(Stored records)
■ ■ ■
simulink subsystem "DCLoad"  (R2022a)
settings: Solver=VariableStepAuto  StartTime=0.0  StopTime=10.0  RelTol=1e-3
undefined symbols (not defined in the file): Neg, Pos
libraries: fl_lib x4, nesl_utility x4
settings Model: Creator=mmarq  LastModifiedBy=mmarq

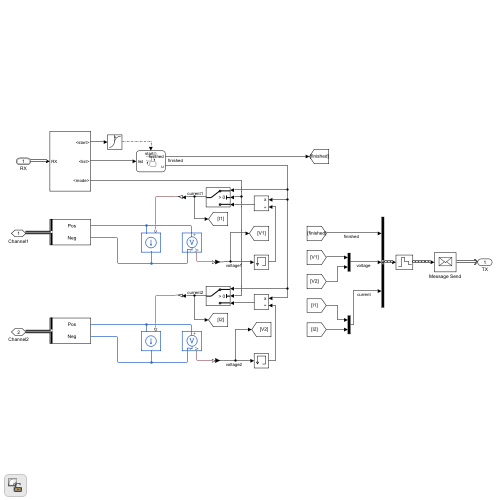
[thumbnail: Simulink's stored preview of the top-level diagram]
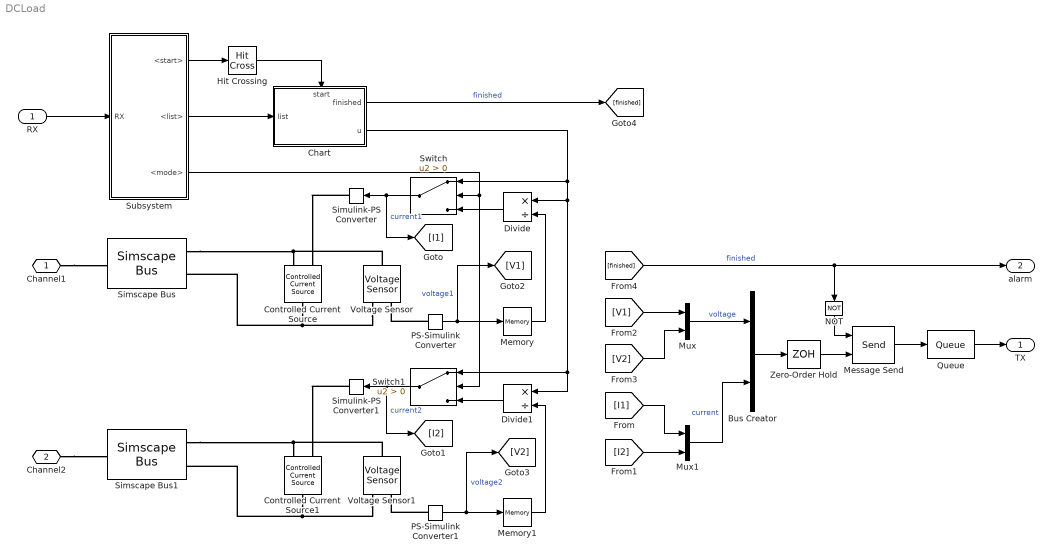
== system DCLoad ==
  RX : Inport  OutputPortMessageModes=m  OutDataTypeStr=Bus: DCLCmd
  Bus Creator : BusCreator  Inputs=2  OutDataTypeStr=Bus: DCLData  NonVirtualBus=on
  Chart : Stateflow chart  TreatAsAtomicUnit=on
      settings: PortSchema="{\"entries\":[{\"content\":{\"sides\":[{\"content\":{\"connectorIds\":[\"In1\"]},\"type\":\"ConnectorPlacement.EquallySpacedRectSide\",\"uuid\":\"4ed828f0-1ac9-4dcc-9380-eef59d4566e8\"},{\"content\":{\"connectorIds\":[\"Out1\",\"Out2\"],\"side\":\"RIGHT\"},\"type\":\"ConnectorPlacement.EquallySpacedRectSide\",\"uuid\":\"89d19431-af69-4c25-9773-8ef87ef26c35\"},{\"content\":{\"connectorIds\":[\"In2\"],\"side\":\"TOP\"},\"type\":\"ConnectorPlacement.EquallySpacedRectSide\",\"uuid\":\"16b2249e-20d7-4791-ad8a-e9d093ae3788\"}]},\"type\":\"ConnectorPlacement.EquallySpacedConnector\",\"uuid\":\"4997d404-275d-4b55-9693-2b863566ce67\"}],\"packageUris\":[\"http://schema.mathworks.com/mf0/Connector/R2020b\"],\"version\":\"1.0\"}"
  Controlled Current Source : fl_lib/Electrical/Electrical Sources/Controlled Current Source
      settings: SourceProductBaseCode=PW,SS,VE
  Controlled Current Source1 : fl_lib/Electrical/Electrical Sources/Controlled Current Source
      settings: SourceProductBaseCode=PW,SS,VE
  Divide : Product  Inputs=*/
  Divide1 : Product  Inputs=*/
  Hit Crossing : HitCross  HitCrossingDirection=rising
  Memory : Memory
  Memory1 : Memory
  Message Send : Send  OutputPortMessageModes=m  ShowEnablePort=on
      settings: InputPortMap=e0,u1
  Mux : Mux  Inputs=2
  Mux1 : Mux  Inputs=2
  NOT : Logic  Operator=NOT  IconShape=distinctive  AllPortsSameDT=off  OutDataTypeStr=boolean
  PS-Simulink Converter : nesl_utility/PS-Simulink Converter  PhysicalDomain=network_engine_domain  SubClassName=ps_output  LeftPortType=input  RightPortType=output  PseudoPeriodic=off  Frequencies=[]  VectorFormat=inherit  Unit=inherit  AffineConversion=off
      settings: SourceProductBaseCode=SS,PW,VE
  PS-Simulink Converter1 : nesl_utility/PS-Simulink Converter  PhysicalDomain=network_engine_domain  SubClassName=ps_output  LeftPortType=input  RightPortType=output  PseudoPeriodic=off  Frequencies=[]  VectorFormat=inherit  Unit=inherit  AffineConversion=off
      settings: SourceProductBaseCode=SS,PW,VE
  Queue : Queue  InputPortMessageModes=m  OutputPortMessageModes=m  OverwriteOldest=on  Capacity=5000000  QueueType=LIFO
  Simscape Bus : SimscapeBus  HierarchyStrings=Pos;Neg
  Simscape Bus1 : SimscapeBus  HierarchyStrings=Pos;Neg
  Simulink-PS Converter : nesl_utility/Simulink-PS Converter  PhysicalDomain=network_engine_domain  SubClassName=ps_input  LeftPortType=input  RightPortType=output  PseudoPeriodic=off  Frequencies=[]  NoiseDistribution=none  NoiseParameters=[]  Unit=1  AffineConversion=off  FilteringAndDerivatives=provide  SimscapeFilterOrder=1  InputFilterTimeConstant=0.001  UdotUserProvided=0
      settings: SourceProductBaseCode=SS,PW,VE
  Simulink-PS Converter1 : nesl_utility/Simulink-PS Converter  PhysicalDomain=network_engine_domain  SubClassName=ps_input  LeftPortType=input  RightPortType=output  PseudoPeriodic=off  Frequencies=[]  NoiseDistribution=none  NoiseParameters=[]  Unit=1  AffineConversion=off  FilteringAndDerivatives=provide  SimscapeFilterOrder=1  InputFilterTimeConstant=0.001  UdotUserProvided=0
      settings: SourceProductBaseCode=SS,PW,VE
  Subsystem : Subsystem
  Switch : Switch  Criteria=u2 > Threshold  SaturateOnIntegerOverflow=off  InputSameDT=off
  Switch1 : Switch  Criteria=u2 > Threshold  SaturateOnIntegerOverflow=off  InputSameDT=off
  Voltage Sensor : fl_lib/Electrical/Electrical Sensors/Voltage Sensor
      settings: SourceProductBaseCode=PW,SS,VE
  Voltage Sensor1 : fl_lib/Electrical/Electrical Sensors/Voltage Sensor
      settings: SourceProductBaseCode=PW,SS,VE
  Zero-Order Hold : ZeroOrderHold  SampleTime=1e-3
  Channel1 : PMIOPort  Side=Left
  Channel2 : PMIOPort  Port=2  Side=Left
  TX : Outport  InputPortMessageModes=m  OutDataTypeStr=Bus: DCLData
  alarm : Outport  Port=2
  wires:
  Subsystem/2(<list>) -> Chart/1(list)
  Chart/2(u) -> Switch/1, Divide1/1, Switch1/1, Divide/1
  Hit Crossing/1 -> Chart/2(start)
  PS-Simulink Converter/1 -> Memory/1, [V1]  "voltage1"
  Divide1/1 -> Switch1/3
  [I1] -> Mux1/1
  [V2] -> Mux/2
  Subsystem/3(<mode>) -> Switch/2, Switch1/2
  Switch1/1 -> Simulink-PS Converter1/1, [I2]  "current2"
  [finished] -> alarm/1, NOT/1  "finished"
  [I2] -> Mux1/2
  Mux1/1 -> Bus Creator/2  "current"
  Bus Creator/1 -> Zero-Order Hold/1
  RX/1 -> Subsystem/1(RX)
  Memory1/1 -> Divide1/2
  PS-Simulink Converter1/1 -> Memory1/1, [V2]  "voltage2"
  Subsystem/1(<start>) -> Hit Crossing/1
  Divide/1 -> Switch/3
  Chart/1(finished) -> [finished]  "finished"
  Memory/1 -> Divide/2
  Switch/1 -> [I1], Simulink-PS Converter/1  "current1"
  Mux/1 -> Bus Creator/1  "voltage"
  [V1] -> Mux/1
  Zero-Order Hold/1 -> Message Send/2
  NOT/1 -> Message Send/1
  Message Send/1 -> Queue/1
  Queue/1 -> TX/1
  connections:
  Controlled Current Source1/LConn1 -- Voltage Sensor1/RConn2 -- Simscape Bus1/LConn2
  Controlled Current Source/LConn1 -- Voltage Sensor/RConn2 -- Simscape Bus/LConn2
  Controlled Current Source/RConn2 -- Voltage Sensor/LConn1 -- Simscape Bus/LConn1
  Controlled Current Source1/RConn2 -- Voltage Sensor1/LConn1 -- Simscape Bus1/LConn1
  PS-Simulink Converter1/LConn1 -- Voltage Sensor1/RConn1
  PS-Simulink Converter/LConn1 -- Voltage Sensor/RConn1
  Simulink-PS Converter1/RConn1 -- Controlled Current Source1/RConn1
  Channel2/RConn1 -- Simscape Bus1/RConn1
  Channel1/RConn1 -- Simscape Bus/RConn1
  Simulink-PS Converter/RConn1 -- Controlled Current Source/RConn1

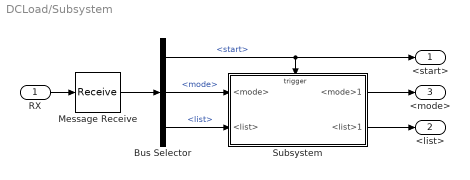
== system DCLoad/Subsystem ==
  RX : Inport  OutDataTypeStr=Bus: DCLCmd
  Bus Selector : BusSelector  OutputSignals=start,mode,list
  Message Receive : Receive  InputPortMessageModes=m  UseInternalQueue=off  QueueOverwriting=on  QueueLength=1  ValueSourceWhenQueueIsEmpty=Use initial value
  Subsystem : Subsystem
  <start> : Outport
  <list> : Outport  Port=2
  <mode> : Outport  Port=3
  wires:
  Subsystem/2(<list>1) -> <list>/1
  Subsystem/1(<mode>1) -> <mode>/1
  Bus Selector/3 -> Subsystem/2(<list>)  "<list>"
  Bus Selector/2 -> Subsystem/1(<mode>)  "<mode>"
  Bus Selector/1 -> Subsystem/Trigger, <start>/1  "<start>"
  RX/1 -> Message Receive/1
  Message Receive/1 -> Bus Selector/1

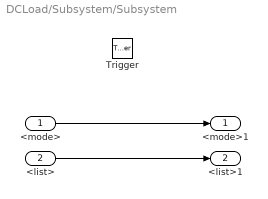
== system DCLoad/Subsystem/Subsystem ==
  <mode> : Inport
  <list> : Inport  Port=2
  Trigger : TriggerPort  VariantControl=(inherit)  PortDimensions=1
  <mode>1 : Outport
  <list>1 : Outport  Port=2
  wires:
  <mode>/1 -> <mode>1/1
  <list>/1 -> <list>1/1

== stateflow chart DCLoad/Chart ==
  settings: sampleTime=0.001  executeAtInitialization=1
  state Idle
    idx = 1;
    u = 0;
  state setOutput
    u=values(idx,1);
  state Next
  Next -> setOutput [order 1] : [idx<100]{idx=idx+1;}
  (default) -> Idle
  Idle -> setOutput : [start==1]{values=list;}
  setOutput -> Next : [after(values(idx,2),sec)]
  Next -> Idle [order 2] : {finished=1;}
  data: finished output; list input; u output; idx local; values local; start input
■ ■ ■
### Your task
A verbatim transcription is needed of the lines above, starting at the line with "Memory1 : Memory" and ending at the line with "NOT : Logic", both included, and of nothing else.

### Response below
  Memory1 : Memory
  Message Send : Send  OutputPortMessageModes=m  ShowEnablePort=on
      settings: InputPortMap=e0,u1
  Mux : Mux  Inputs=2
  Mux1 : Mux  Inputs=2
  NOT : Logic  Operator=NOT  IconShape=distinctive  AllPortsSameDT=off  OutDataTypeStr=boolean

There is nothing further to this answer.